简体繁体 English

Lucene：从索引中挖掘电子邮件地址，名称和标识符

[英]Lucene: Mining email addresses, names, and identifiers from an index

原文 2013-11-12 20:38:15 6 1 java/ regex/ lucene

I have a lucene index with approx. 我的lucene指数约为 1 million documents. 一百万份文件。 From these documents, I want to mine 我想从这些文件中挖掘

email addresses 电子邮件地址
signatures - ( [whitespace]/s/[whitespace]john doe[whitespace] ) 签名-（ [whitespace] / s / [whitespace] john doe [whitespace] ）
specific identifiers from each of the documents (that follow a regex pattern "\\s[0-9]{3}[a-zA-Z0-9]{6}\\s" ). 每个文档中的特定标识符（遵循正则表达式“ \\ s [0-9] {3} [a-zA-Z0-9] {6} \\ s” ）。

I understand that ideally using solr, during index build time, its much easier, but how can one do this from a built lucene index? 我了解理想情况下，在索引构建期间使用solr会容易得多，但是如何从构建的Lucene索引中做到这一点呢？

I am using java. 我正在使用Java。 For email address search, I tried to .setAllowLeadingWildcard(true) and then searched for @ to find all email addresses - but I actually got zero results . 对于电子邮件地址搜索，我尝试.setAllowLeadingWildcard（true） ，然后搜索@以查找所有电子邮件地址-但实际上却得到零结果。 if I search for @ in luke I get zero results. 如果我在卢克中搜索@ ，则会得到零结果。 If I search for @hotmail.com in luke, I get bunch of results with valid email addresses such as aaaaa@hotmail.com. 如果我在luke中搜索@ hotmail.com ，则会得到带有有效电子邮件地址（例如aaaaa@hotmail.com）的搜索结果。

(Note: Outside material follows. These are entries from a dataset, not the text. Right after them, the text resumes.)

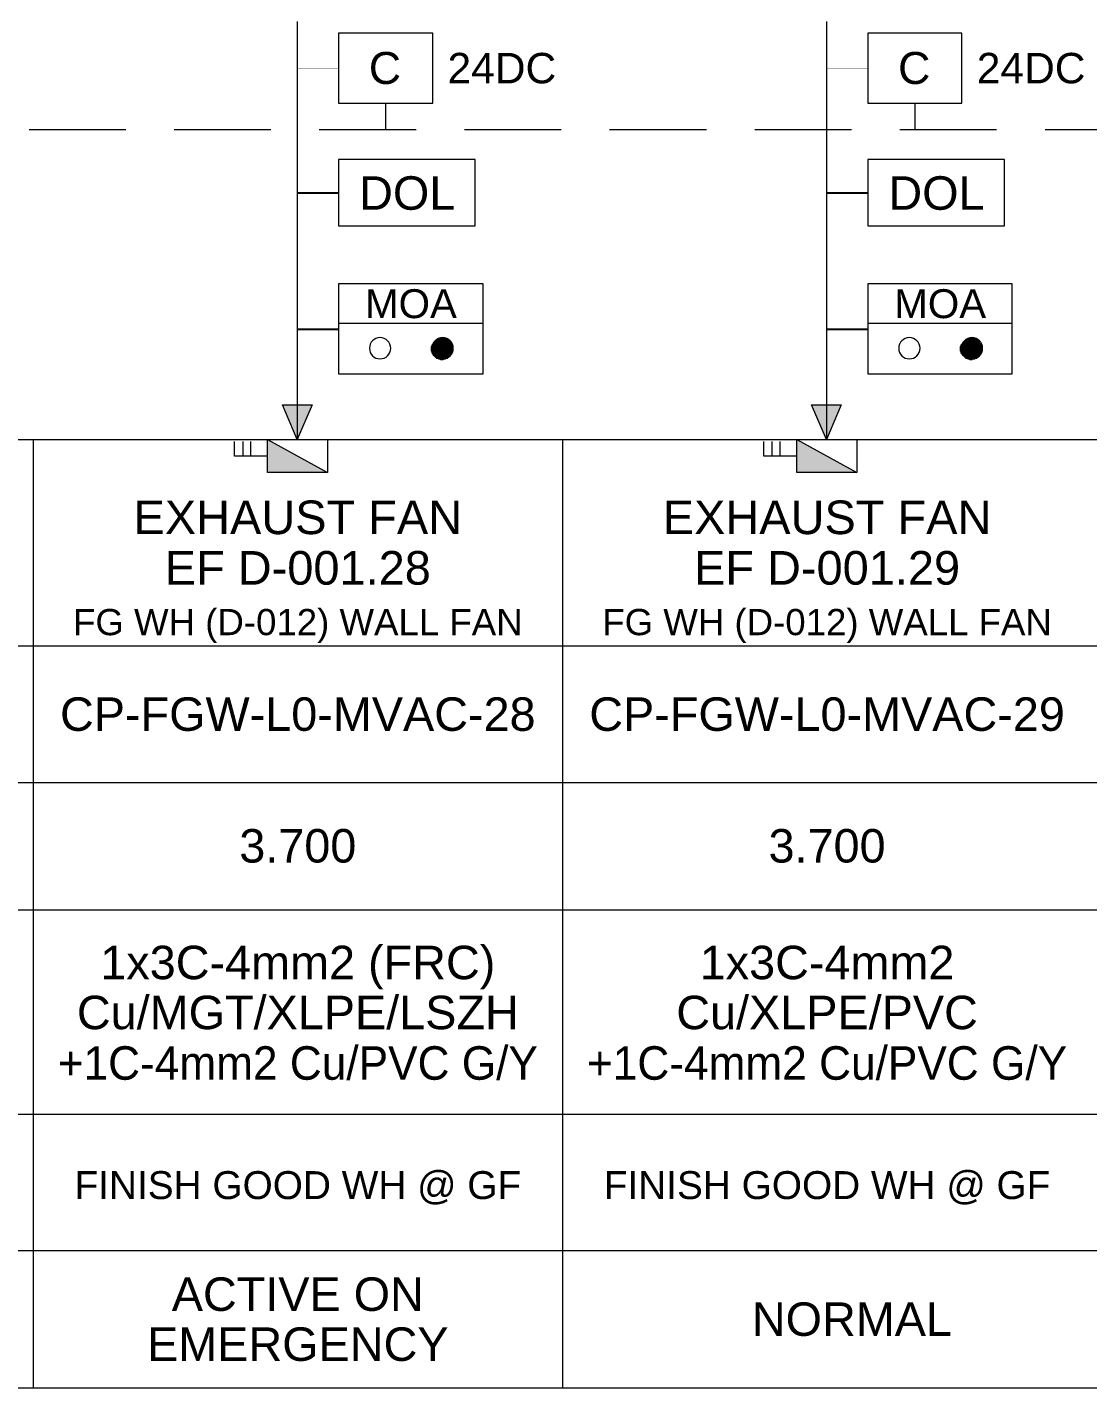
# Model space of a CAD drawing. Header units: millimetres. Extents: x -33055 to 42243, y -56860 to 24450.
# Drawn here: x 10946 to 17906, y -16441 to -7512 of the extents above; entities that cross this region are included whole.
import ezdxf
from ezdxf.enums import TextEntityAlignment as Align

# ---------------------------------------------------------------- set-up
doc = ezdxf.new("R2010")
doc.units = ezdxf.units.MM
for name, color, linetype in [('A-PATT-CONC', 7, 'Continuous'), ('E-CTRL', 7, 'Continuous'), ('E-LEADER', 7, 'Continuous'), ('E-SLD', 7, 'Continuous'), ('E-TABLE', 7, 'Continuous'), ('E-TEXT', 7, 'Continuous')]:
    doc.layers.add(name, color=color, linetype=linetype)
doc.styles.add('ARIAL', font='arial.ttf')

msp = doc.modelspace()

# ---------------------------------------------------------------- hatches: boundary and pattern name
at = {"layer": 'A-PATT-CONC'}
h = msp.add_hatch(color=7, dxfattribs=at)
h.dxf.hatch_style = 1
h.paths.add_polyline_path([(12523.3, -10217.8), (12917, -10433.7), (12523.3, -10433.7), (12523.3, -10217.8)])
h = msp.add_hatch(color=7, dxfattribs=at)
h.dxf.hatch_style = 1
h.paths.add_polyline_path([(15996.4, -10217.8), (16390.1, -10433.7), (15996.4, -10433.7), (15996.4, -10217.8)])
at = {"layer": 'E-SLD'}
h = msp.add_hatch(color=7, dxfattribs=at)
h.dxf.hatch_style = 1
h.paths.add_polyline_path([(13683.3, -9553.1), (13653.6, -9553.1), (13691.7, -9557.4), (13683.3, -9553.1)])
h.paths.add_polyline_path([(13653.6, -9553.1), (13691.7, -9557.4), (13645.2, -9557.4), (13653.6, -9553.1)])
h = msp.add_hatch(color=7, dxfattribs=at)
h.dxf.hatch_style = 1
h.paths.add_polyline_path([(13674.8, -9553.1), (13657.9, -9553.1), (13683.3, -9553.1), (13674.8, -9553.1)])
h.paths.add_polyline_path([(13657.9, -9553.1), (13683.3, -9553.1), (13653.6, -9553.1), (13657.9, -9553.1)])
h = msp.add_hatch(color=7, dxfattribs=at)
h.dxf.hatch_style = 1
h.paths.add_polyline_path([(13670.6, -9553.1), (13674.8, -9553.1), (13657.9, -9553.1), (13670.6, -9553.1)])
h = msp.add_hatch(color=7, dxfattribs=at)
h.dxf.hatch_style = 1
h.paths.add_polyline_path([(17156.4, -9553.1), (17126.7, -9553.1), (17164.8, -9557.4), (17156.4, -9553.1)])
h.paths.add_polyline_path([(17126.7, -9553.1), (17164.8, -9557.4), (17118.3, -9557.4), (17126.7, -9553.1)])
h = msp.add_hatch(color=7, dxfattribs=at)
h.dxf.hatch_style = 1
h.paths.add_polyline_path([(17147.9, -9553.1), (17131, -9553.1), (17156.4, -9553.1), (17147.9, -9553.1)])
h.paths.add_polyline_path([(17131, -9553.1), (17156.4, -9553.1), (17126.7, -9553.1), (17131, -9553.1)])
h = msp.add_hatch(color=7, dxfattribs=at)
h.dxf.hatch_style = 1
h.paths.add_polyline_path([(17143.7, -9553.1), (17147.9, -9553.1), (17131, -9553.1), (17143.7, -9553.1)])
h = msp.add_hatch(color=7, dxfattribs=at)
h.dxf.hatch_style = 1
h.paths.add_polyline_path([(13734.1, -9603.9), (13602.8, -9603.9), (13738.3, -9608.2), (13734.1, -9603.9)])
h.paths.add_polyline_path([(13602.8, -9603.9), (13738.3, -9608.2), (13598.6, -9608.2), (13602.8, -9603.9)])
h = msp.add_hatch(color=7, dxfattribs=at)
h.dxf.hatch_style = 1
h.paths.add_polyline_path([(13738.3, -9608.2), (13598.6, -9608.2), (13738.3, -9616.6), (13738.3, -9608.2)])
h.paths.add_polyline_path([(13598.6, -9608.2), (13738.3, -9616.6), (13598.6, -9616.6), (13598.6, -9608.2)])
h = msp.add_hatch(color=7, dxfattribs=at)
h.dxf.hatch_style = 1
h.paths.add_polyline_path([(13738.3, -9616.6), (13598.6, -9616.6), (13738.3, -9620.9), (13738.3, -9616.6)])
h.paths.add_polyline_path([(13598.6, -9616.6), (13738.3, -9620.9), (13598.6, -9620.9), (13598.6, -9616.6)])
h = msp.add_hatch(color=7, dxfattribs=at)
h.dxf.hatch_style = 1
h.paths.add_polyline_path([(13738.3, -9620.9), (13598.6, -9620.9), (13738.3, -9629.3), (13738.3, -9620.9)])
h.paths.add_polyline_path([(13598.6, -9620.9), (13738.3, -9629.3), (13598.6, -9629.3), (13598.6, -9620.9)])
h = msp.add_hatch(color=7, dxfattribs=at)
h.dxf.hatch_style = 1
h.paths.add_polyline_path([(13738.3, -9629.3), (13598.6, -9629.3), (13738.3, -9637.8), (13738.3, -9629.3)])
h.paths.add_polyline_path([(13598.6, -9629.3), (13738.3, -9637.8), (13598.6, -9637.8), (13598.6, -9629.3)])
h = msp.add_hatch(color=7, dxfattribs=at)
h.dxf.hatch_style = 1
h.paths.add_polyline_path([(13738.3, -9637.8), (13598.6, -9637.8), (13734.1, -9642), (13738.3, -9637.8)])
h.paths.add_polyline_path([(13598.6, -9637.8), (13734.1, -9642), (13602.8, -9642), (13598.6, -9637.8)])
h = msp.add_hatch(color=7, dxfattribs=at)
h.dxf.hatch_style = 1
h.paths.add_polyline_path([(13729.8, -9591.2), (13607.1, -9591.2), (13734.1, -9595.5), (13729.8, -9591.2)])
h.paths.add_polyline_path([(13607.1, -9591.2), (13734.1, -9595.5), (13602.8, -9595.5), (13607.1, -9591.2)])
h = msp.add_hatch(color=7, dxfattribs=at)
h.dxf.hatch_style = 1
h.paths.add_polyline_path([(13734.1, -9595.5), (13602.8, -9595.5), (13734.1, -9603.9), (13734.1, -9595.5)])
h.paths.add_polyline_path([(13602.8, -9595.5), (13734.1, -9603.9), (13602.8, -9603.9), (13602.8, -9595.5)])
h = msp.add_hatch(color=7, dxfattribs=at)
h.dxf.hatch_style = 1
h.paths.add_polyline_path([(13734.1, -9642), (13602.8, -9642), (13734.1, -9650.5), (13734.1, -9642)])
h.paths.add_polyline_path([(13602.8, -9642), (13734.1, -9650.5), (13602.8, -9650.5), (13602.8, -9642)])
h = msp.add_hatch(color=7, dxfattribs=at)
h.dxf.hatch_style = 1
h.paths.add_polyline_path([(13725.6, -9587), (13611.3, -9587), (13729.8, -9591.2), (13725.6, -9587)])
h.paths.add_polyline_path([(13611.3, -9587), (13729.8, -9591.2), (13607.1, -9591.2), (13611.3, -9587)])
h = msp.add_hatch(color=7, dxfattribs=at)
h.dxf.hatch_style = 1
h.paths.add_polyline_path([(13721.4, -9578.5), (13615.5, -9578.5), (13725.6, -9587), (13721.4, -9578.5)])
h.paths.add_polyline_path([(13615.5, -9578.5), (13725.6, -9587), (13611.3, -9587), (13615.5, -9578.5)])
h = msp.add_hatch(color=7, dxfattribs=at)
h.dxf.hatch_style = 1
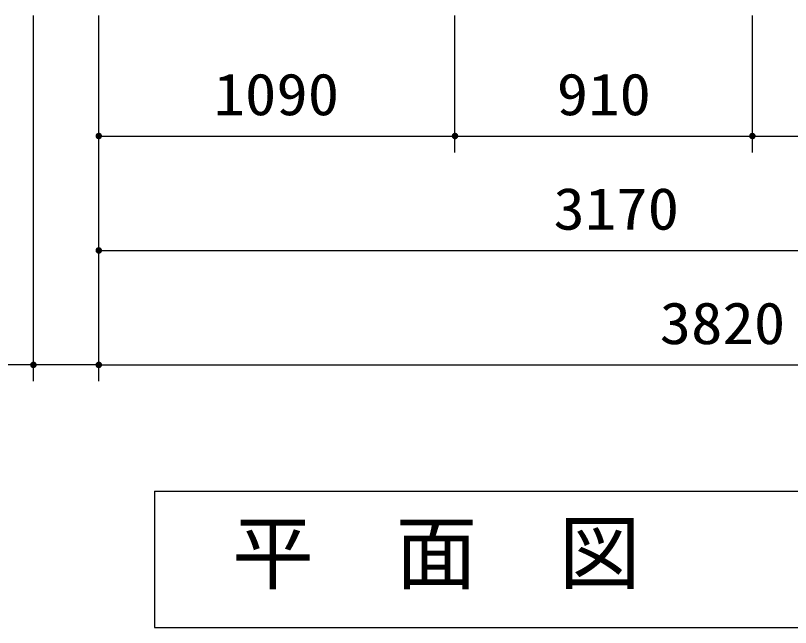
# Model space of a CAD drawing. Units: millimetres, scale not verified. Extents: x -14850 to 14850, y -10500 to 10500.
# Drawn here: x -10238 to -7866, y -2903 to -1032 of the extents above; entities that cross this region are included whole.
import ezdxf
from ezdxf.enums import TextEntityAlignment as Align

# ---------------------------------------------------------------- set-up
doc = ezdxf.new("R2010")
doc.units = ezdxf.units.MM
doc.header["$LTSCALE"] = 50
doc.layers.add('0-3_水管', color=3, linetype='Continuous', lineweight=25)
doc.layers.add('0-5_製作', color=5, linetype='Continuous', lineweight=25)
doc.styles.add('ＭＳ ゴシック', font='')
doc.styles.get('ＭＳ ゴシック').set_extended_font_data('MS Gothic')

msp = doc.modelspace()

# ---------------------------------------------------------------- linework, layer by layer
at = {"layer": '0-3_水管'}
for p, q in [((-9811.9, -2486.55), (-9811.9, -2903.22)), ((-9811.9, -2486.55), (-6478.57, -2486.55)), ((-9811.9, -2903.22), (-6478.57, -2903.22))]:
    msp.add_line(p, q, dxfattribs=at)
at = {"layer": '0-5_製作', "color": 2}
for p, q in [((-10182.75, -2150.06), (-10182.75, -1031.5)), ((-9982.75, -2150.06), (-9982.75, -1031.5)), ((-8892.75, -1450.06), (-8892.75, -1031.5)), ((-7982.75, -1450.06), (-7982.75, -1031.5)), ((-9982.75, -1400.06), (-8892.75, -1400.06)), ((-8892.75, -1400.06), (-7982.75, -1400.06)), ((-7982.75, -1400.06), (-7422.75, -1400.06)), ((-9982.75, -1750.06), (-6812.75, -1750.06)), ((-10182.75, -2100.06), (-10572.67, -2100.06)), ((-9982.75, -2100.06), (-10182.75, -2100.06)), ((-9982.75, -2100.06), (-6162.75, -2100.06))]:
    msp.add_line(p, q, dxfattribs=at)
at = {"layer": '0-5_製作'}
for points in [[(-9992.57, -1398.19), (-9982.75, -1400.06), (-9992.73, -1399.44)], [(-9992.26, -1396.97), (-9982.75, -1400.06), (-9992.57, -1398.19)], [(-9991.8, -1395.81), (-9982.75, -1400.06), (-9992.26, -1396.97)], [(-9991.19, -1394.71), (-9982.75, -1400.06), (-9991.8, -1395.81)], [(-9990.46, -1393.69), (-9982.75, -1400.06), (-9991.19, -1394.71)], [(-9989.6, -1392.77), (-9982.75, -1400.06), (-9990.46, -1393.69)], [(-9988.63, -1391.97), (-9982.75, -1400.06), (-9989.6, -1392.77)], [(-9987.57, -1391.3), (-9982.75, -1400.06), (-9988.63, -1391.97)], [(-9986.43, -1390.77), (-9982.75, -1400.06), (-9987.57, -1391.3)], [(-9985.24, -1390.38), (-9982.75, -1400.06), (-9986.43, -1390.77)], [(-9984, -1390.14), (-9982.75, -1400.06), (-9985.24, -1390.38)], [(-9984, -1390.14), (-9982.75, -1390.06), (-9982.75, -1400.06)], [(-9982.75, -1390.06), (-9972.75, -1400.06), (-9982.75, -1400.06)], [(-9982.12, -1390.08), (-9972.75, -1400.06), (-9982.75, -1390.06)], [(-9980.88, -1390.24), (-9972.75, -1400.06), (-9982.12, -1390.08)], [(-9979.66, -1390.55), (-9972.75, -1400.06), (-9980.88, -1390.24)], [(-9978.49, -1391.02), (-9972.75, -1400.06), (-9979.66, -1390.55)], [(-9977.39, -1391.62), (-9972.75, -1400.06), (-9978.49, -1391.02)], [(-9976.38, -1392.36), (-9972.75, -1400.06), (-9977.39, -1391.62)], [(-9975.46, -1393.22), (-9972.75, -1400.06), (-9976.38, -1392.36)], [(-9974.66, -1394.19), (-9972.75, -1400.06), (-9975.46, -1393.22)], [(-9973.99, -1395.25), (-9972.75, -1400.06), (-9974.66, -1394.19)], [(-9973.45, -1396.38), (-9972.75, -1400.06), (-9973.99, -1395.25)], [(-9973.07, -1397.58), (-9972.75, -1400.06), (-9973.45, -1396.38)], [(-9973.07, -1397.58), (-9972.83, -1398.81), (-9972.75, -1400.06)], [(-8902.57, -1398.19), (-8892.75, -1400.06), (-8902.73, -1399.44)], [(-8902.26, -1396.97), (-8892.75, -1400.06), (-8902.57, -1398.19)], [(-8901.8, -1395.81), (-8892.75, -1400.06), (-8902.26, -1396.97)], [(-8901.19, -1394.71), (-8892.75, -1400.06), (-8901.8, -1395.81)], [(-8900.46, -1393.69), (-8892.75, -1400.06), (-8901.19, -1394.71)], [(-8899.6, -1392.77), (-8892.75, -1400.06), (-8900.46, -1393.69)], [(-8898.63, -1391.97), (-8892.75, -1400.06), (-8899.6, -1392.77)], [(-8897.57, -1391.3), (-8892.75, -1400.06), (-8898.63, -1391.97)], [(-8896.43, -1390.77), (-8892.75, -1400.06), (-8897.57, -1391.3)], [(-8895.24, -1390.38), (-8892.75, -1400.06), (-8896.43, -1390.77)], [(-8894, -1390.14), (-8892.75, -1400.06), (-8895.24, -1390.38)], [(-8894, -1390.14), (-8892.75, -1390.06), (-8892.75, -1400.06)], [(-8892.75, -1390.06), (-8882.75, -1400.06), (-8892.75, -1400.06)], [(-8892.12, -1390.08), (-8882.75, -1400.06), (-8892.75, -1390.06)], [(-8890.88, -1390.24), (-8882.75, -1400.06), (-8892.12, -1390.08)], [(-8889.66, -1390.55), (-8882.75, -1400.06), (-8890.88, -1390.24)], [(-8888.49, -1391.02), (-8882.75, -1400.06), (-8889.66, -1390.55)], [(-8887.39, -1391.62), (-8882.75, -1400.06), (-8888.49, -1391.02)], [(-8886.38, -1392.36), (-8882.75, -1400.06), (-8887.39, -1391.62)], [(-8885.46, -1393.22), (-8882.75, -1400.06), (-8886.38, -1392.36)], [(-8884.66, -1394.19), (-8882.75, -1400.06), (-8885.46, -1393.22)], [(-8883.99, -1395.25), (-8882.75, -1400.06), (-8884.66, -1394.19)], [(-8883.45, -1396.38), (-8882.75, -1400.06), (-8883.99, -1395.25)], [(-8883.07, -1397.58), (-8882.75, -1400.06), (-8883.45, -1396.38)], [(-8883.07, -1397.58), (-8882.83, -1398.81), (-8882.75, -1400.06)], [(-7992.57, -1398.19), (-7982.75, -1400.06), (-7992.73, -1399.44)], [(-7992.26, -1396.97), (-7982.75, -1400.06), (-7992.57, -1398.19)], [(-7991.8, -1395.81), (-7982.75, -1400.06), (-7992.26, -1396.97)], [(-7991.19, -1394.71), (-7982.75, -1400.06), (-7991.8, -1395.81)], [(-7990.46, -1393.69), (-7982.75, -1400.06), (-7991.19, -1394.71)], [(-7989.6, -1392.77), (-7982.75, -1400.06), (-7990.46, -1393.69)], [(-7988.63, -1391.97), (-7982.75, -1400.06), (-7989.6, -1392.77)], [(-7987.57, -1391.3), (-7982.75, -1400.06), (-7988.63, -1391.97)], [(-7986.43, -1390.77), (-7982.75, -1400.06), (-7987.57, -1391.3)], [(-7985.24, -1390.38), (-7982.75, -1400.06), (-7986.43, -1390.77)], [(-7984, -1390.14), (-7982.75, -1400.06), (-7985.24, -1390.38)], [(-7984, -1390.14), (-7982.75, -1390.06), (-7982.75, -1400.06)], [(-7982.75, -1390.06), (-7972.75, -1400.06), (-7982.75, -1400.06)], [(-7982.12, -1390.08), (-7972.75, -1400.06), (-7982.75, -1390.06)], [(-7980.88, -1390.24), (-7972.75, -1400.06), (-7982.12, -1390.08)], [(-7979.66, -1390.55), (-7972.75, -1400.06), (-7980.88, -1390.24)], [(-7978.49, -1391.02), (-7972.75, -1400.06), (-7979.66, -1390.55)], [(-7977.39, -1391.62), (-7972.75, -1400.06), (-7978.49, -1391.02)], [(-7976.38, -1392.36), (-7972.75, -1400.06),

The index was created using StandardAnalyzer . 该索引是使用StandardAnalyzer创建的。 Not sure if it matters, but the text is in UTF-8 I believe. 不确定是否重要，但是我相信文字是UTF-8。

Any helpful suggestions, pointers is great! 任何有用的建议，指针都很棒！ Note this is not for front end, so query doesn't have to be near realtime. 请注意，这不是针对前端的，因此查询不必是实时的。

1 个解决方案

Analysis does matter, yes. 分析确实很重要，是的。 The standard analyzer will treat whitespace and punctuation, such as @, as a place to split input into tokens. 标准分析器会将空格和标点符号（例如@）视为将输入拆分为标记的地方。 As such, you wouldn't expect to see any of them actually present in the indexed data. 因此，您不会期望在索引数据中实际看到它们中的任何一个。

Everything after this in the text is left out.